The treatment involves altering the genes of T cells, which are highly specialized stem cells obtained from bone marrow, to target a specific protein on the surface of defective immune cells that cause leukemia. It works by harvesting the cells from the patient, engineering them to target the protein CD-19 on the surface of B Cells, and intravenously administering the cells back into the patient, where they multiply and essentially eradicate the B Cells. Showing promise, over 80% of the patients in the trial have gone into remission.
Dr. Valery Krizhanovsky at the Weizmann Institute of Science has built on the work of previous researchers in order to identify the role of senescent cells in age-related ailments, such as cancers, atherosclerosis, Alzheimer’s Disease, Parkinson’s and others. He explains that senescent cells accumulate in the body, do not follow the stable cell cycle and cease to divide. However, despite the body’s mechanisms for apoptosis, or programmed cell death, these aged cells do not self-destruct. Using stem cells to grow human tissue in the lab, Krizhanovsky is able to accurately determine the behavior of senescent cells in humans, rather than making observations solely based on animal subjects.
The Miami Project to Cure Paralysis has been working on stem cell treatments for injuries to the central nervous system. This particular treatment utilizes the application of autologous stem cells that produce the myelin sheath around neurons. Injuries to the spinal cord result in scar tissue and cavity formation at the site of injury. Given that scar tissue formation hinders signals from being transmitted to the limbs, which then become paralyzed, this treatment has been shown to create a bridge that allows the signal to be transmitted and partially restore limb function in animal subjects.
Indiana University’s School of Medicine, spearheading the efforts of over forty researchers in the U.S. and South Korea, has determined that electro acupuncture can be utilized to induce the release of reparative mesenchymal stem cells, which have healing effects when released into the bloodstream. The electric current that is passed through during acupuncture hastens the communication between the stimulus point on the body and the neurons in the spinal cord. This activates the hypothalamus and directs stem cells to an area of injury or stress, promoting collagen production and tendon repair, both linked to expedited healing times.

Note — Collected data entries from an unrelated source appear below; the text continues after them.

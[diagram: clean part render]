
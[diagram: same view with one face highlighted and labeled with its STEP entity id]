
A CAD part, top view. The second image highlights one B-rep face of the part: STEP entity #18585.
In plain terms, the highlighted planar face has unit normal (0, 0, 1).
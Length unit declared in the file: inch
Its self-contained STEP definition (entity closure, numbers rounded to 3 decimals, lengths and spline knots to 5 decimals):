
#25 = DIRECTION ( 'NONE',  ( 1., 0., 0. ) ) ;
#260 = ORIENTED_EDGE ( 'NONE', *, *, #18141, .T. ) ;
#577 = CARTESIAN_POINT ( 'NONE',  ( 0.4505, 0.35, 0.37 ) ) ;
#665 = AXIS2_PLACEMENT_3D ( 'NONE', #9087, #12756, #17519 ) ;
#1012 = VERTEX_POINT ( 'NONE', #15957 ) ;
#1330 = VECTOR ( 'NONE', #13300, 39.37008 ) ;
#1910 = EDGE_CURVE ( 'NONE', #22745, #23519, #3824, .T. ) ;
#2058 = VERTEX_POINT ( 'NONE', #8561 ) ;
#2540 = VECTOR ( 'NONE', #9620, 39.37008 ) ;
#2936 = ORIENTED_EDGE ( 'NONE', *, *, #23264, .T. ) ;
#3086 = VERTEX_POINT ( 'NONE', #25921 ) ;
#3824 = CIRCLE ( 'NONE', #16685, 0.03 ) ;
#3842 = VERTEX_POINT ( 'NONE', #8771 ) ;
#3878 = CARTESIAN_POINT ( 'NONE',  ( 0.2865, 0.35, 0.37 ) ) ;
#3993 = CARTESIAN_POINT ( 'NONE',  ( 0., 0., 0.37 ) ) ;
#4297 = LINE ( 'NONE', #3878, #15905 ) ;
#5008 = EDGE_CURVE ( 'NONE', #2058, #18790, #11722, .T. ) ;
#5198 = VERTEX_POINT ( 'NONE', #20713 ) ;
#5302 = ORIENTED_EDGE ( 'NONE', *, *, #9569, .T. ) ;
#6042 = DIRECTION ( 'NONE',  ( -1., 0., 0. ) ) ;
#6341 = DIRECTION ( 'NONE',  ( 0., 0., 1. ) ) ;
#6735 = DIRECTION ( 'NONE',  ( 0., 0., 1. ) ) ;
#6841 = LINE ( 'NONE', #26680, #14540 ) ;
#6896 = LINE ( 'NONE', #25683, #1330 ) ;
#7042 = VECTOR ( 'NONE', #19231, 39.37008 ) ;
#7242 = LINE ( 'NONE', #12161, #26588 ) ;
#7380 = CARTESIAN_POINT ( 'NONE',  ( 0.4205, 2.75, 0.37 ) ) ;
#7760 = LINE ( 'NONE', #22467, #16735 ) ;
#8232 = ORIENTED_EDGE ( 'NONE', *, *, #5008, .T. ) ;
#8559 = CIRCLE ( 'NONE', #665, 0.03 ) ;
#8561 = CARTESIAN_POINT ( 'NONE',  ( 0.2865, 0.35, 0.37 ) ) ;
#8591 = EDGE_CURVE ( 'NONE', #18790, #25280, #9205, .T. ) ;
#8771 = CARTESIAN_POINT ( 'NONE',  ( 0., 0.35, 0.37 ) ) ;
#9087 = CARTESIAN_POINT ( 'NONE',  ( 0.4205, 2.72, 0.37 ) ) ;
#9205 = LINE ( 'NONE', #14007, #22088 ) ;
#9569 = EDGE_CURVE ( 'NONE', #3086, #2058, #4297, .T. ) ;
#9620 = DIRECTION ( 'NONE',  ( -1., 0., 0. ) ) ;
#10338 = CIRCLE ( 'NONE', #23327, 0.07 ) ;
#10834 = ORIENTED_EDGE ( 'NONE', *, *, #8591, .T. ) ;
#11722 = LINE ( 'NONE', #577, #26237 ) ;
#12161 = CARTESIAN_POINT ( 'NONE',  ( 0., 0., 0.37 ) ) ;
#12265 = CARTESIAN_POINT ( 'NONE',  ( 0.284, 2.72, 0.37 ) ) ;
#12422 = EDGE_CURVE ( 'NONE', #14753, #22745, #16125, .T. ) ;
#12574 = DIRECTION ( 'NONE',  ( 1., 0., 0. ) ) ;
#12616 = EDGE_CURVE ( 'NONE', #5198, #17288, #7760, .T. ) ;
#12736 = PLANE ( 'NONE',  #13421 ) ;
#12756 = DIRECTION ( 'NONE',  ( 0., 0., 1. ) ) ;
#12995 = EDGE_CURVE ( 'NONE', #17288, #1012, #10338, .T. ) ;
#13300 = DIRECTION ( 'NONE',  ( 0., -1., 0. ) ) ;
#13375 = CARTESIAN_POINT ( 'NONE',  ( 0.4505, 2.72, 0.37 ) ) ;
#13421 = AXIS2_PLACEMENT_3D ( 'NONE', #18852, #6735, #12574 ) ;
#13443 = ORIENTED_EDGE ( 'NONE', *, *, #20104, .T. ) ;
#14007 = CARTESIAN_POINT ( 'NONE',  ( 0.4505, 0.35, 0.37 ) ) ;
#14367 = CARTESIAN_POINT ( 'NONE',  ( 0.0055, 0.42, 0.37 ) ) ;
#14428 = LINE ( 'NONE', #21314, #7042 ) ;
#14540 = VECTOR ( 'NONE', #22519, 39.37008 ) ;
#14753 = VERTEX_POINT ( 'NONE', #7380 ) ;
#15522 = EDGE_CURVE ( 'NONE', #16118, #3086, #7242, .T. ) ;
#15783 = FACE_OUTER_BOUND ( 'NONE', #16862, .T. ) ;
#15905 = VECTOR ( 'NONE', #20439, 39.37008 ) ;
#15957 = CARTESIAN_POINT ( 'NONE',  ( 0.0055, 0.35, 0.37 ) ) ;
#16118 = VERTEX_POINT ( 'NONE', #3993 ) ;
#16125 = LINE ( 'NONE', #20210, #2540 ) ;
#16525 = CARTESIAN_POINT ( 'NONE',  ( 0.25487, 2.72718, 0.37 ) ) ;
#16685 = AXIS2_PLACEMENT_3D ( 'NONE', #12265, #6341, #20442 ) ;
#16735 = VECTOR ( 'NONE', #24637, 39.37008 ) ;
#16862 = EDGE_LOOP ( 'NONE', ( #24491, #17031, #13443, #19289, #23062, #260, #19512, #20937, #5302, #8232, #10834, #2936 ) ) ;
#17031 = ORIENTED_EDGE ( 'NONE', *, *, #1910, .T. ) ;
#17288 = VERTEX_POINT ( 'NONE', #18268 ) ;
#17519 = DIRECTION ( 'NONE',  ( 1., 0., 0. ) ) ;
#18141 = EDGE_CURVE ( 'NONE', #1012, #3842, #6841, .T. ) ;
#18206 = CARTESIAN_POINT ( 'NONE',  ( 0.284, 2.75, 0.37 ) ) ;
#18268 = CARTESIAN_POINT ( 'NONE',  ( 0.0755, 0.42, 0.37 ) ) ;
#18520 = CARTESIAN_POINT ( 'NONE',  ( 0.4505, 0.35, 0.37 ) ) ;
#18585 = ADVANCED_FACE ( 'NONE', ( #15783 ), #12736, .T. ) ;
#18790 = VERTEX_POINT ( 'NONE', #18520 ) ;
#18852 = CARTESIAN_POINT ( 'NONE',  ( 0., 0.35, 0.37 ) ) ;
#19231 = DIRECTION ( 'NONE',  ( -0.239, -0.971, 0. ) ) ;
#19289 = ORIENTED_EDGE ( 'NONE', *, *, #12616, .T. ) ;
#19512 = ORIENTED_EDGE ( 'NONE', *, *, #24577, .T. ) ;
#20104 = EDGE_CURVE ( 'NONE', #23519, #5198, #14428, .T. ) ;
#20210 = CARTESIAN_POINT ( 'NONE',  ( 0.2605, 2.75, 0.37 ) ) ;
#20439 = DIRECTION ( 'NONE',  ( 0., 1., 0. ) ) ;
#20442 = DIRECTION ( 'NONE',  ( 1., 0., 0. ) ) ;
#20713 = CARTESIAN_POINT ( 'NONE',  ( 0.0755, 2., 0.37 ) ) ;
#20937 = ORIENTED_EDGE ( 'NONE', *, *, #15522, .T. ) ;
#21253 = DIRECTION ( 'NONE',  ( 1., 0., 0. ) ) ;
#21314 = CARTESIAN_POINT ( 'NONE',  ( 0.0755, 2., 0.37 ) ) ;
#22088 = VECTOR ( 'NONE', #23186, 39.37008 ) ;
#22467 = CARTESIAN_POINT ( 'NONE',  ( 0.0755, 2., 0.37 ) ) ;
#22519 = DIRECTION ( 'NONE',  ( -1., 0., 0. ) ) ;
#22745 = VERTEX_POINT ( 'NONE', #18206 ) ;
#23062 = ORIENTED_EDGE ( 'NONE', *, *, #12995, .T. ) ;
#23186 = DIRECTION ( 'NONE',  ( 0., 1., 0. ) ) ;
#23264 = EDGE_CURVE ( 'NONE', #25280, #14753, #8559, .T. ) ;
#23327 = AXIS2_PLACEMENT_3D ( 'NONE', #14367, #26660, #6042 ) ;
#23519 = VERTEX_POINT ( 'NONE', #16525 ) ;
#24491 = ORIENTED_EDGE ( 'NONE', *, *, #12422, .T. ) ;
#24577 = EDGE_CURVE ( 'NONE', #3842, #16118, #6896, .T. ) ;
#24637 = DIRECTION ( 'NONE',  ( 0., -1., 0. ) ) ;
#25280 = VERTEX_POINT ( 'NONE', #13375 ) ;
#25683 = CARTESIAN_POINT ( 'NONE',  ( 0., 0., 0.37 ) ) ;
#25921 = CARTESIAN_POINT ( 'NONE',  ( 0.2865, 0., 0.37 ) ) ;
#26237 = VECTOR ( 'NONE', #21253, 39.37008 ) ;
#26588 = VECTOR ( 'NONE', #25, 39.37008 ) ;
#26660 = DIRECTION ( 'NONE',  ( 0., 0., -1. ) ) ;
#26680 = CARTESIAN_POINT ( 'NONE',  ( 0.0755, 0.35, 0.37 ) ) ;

Researchers from Imperial College London, led by Dr. Paolo Muraro, have refined a stem cell treatment for Multiple Sclerosis (MS); using the patient’s own stem cells to reset the immune system and “freeze” the disease. MS is a disease in which the body’s immune system attacks the protective sheath (myelin) that covers nerve fibers thereby causing communication disruptions between the brain and the rest of the body. The treatment works by first recovering healthy stem cells from the patient and then, using high-dose chemotherapy to kill the remaining damaged immune cells. Reintroducing the recovered stem cells into the patient’s body reboots the immune system and halts the disease.
A research team from the Stem Cell Engineering Center of the Translational Chinese Medicine has developed a method for repairing lungs afflicted with interstitial fibrosis utilizing autologous [the patient’s own] stem cells. The team recovered stem cells from the patient, cultured them in-vitro [outside the body] and then reintroduced them into the patient to repair the damaged lung tissue. The use of the patient’s own stem cells virtually eliminated the likelihood the patient would reject the treatment.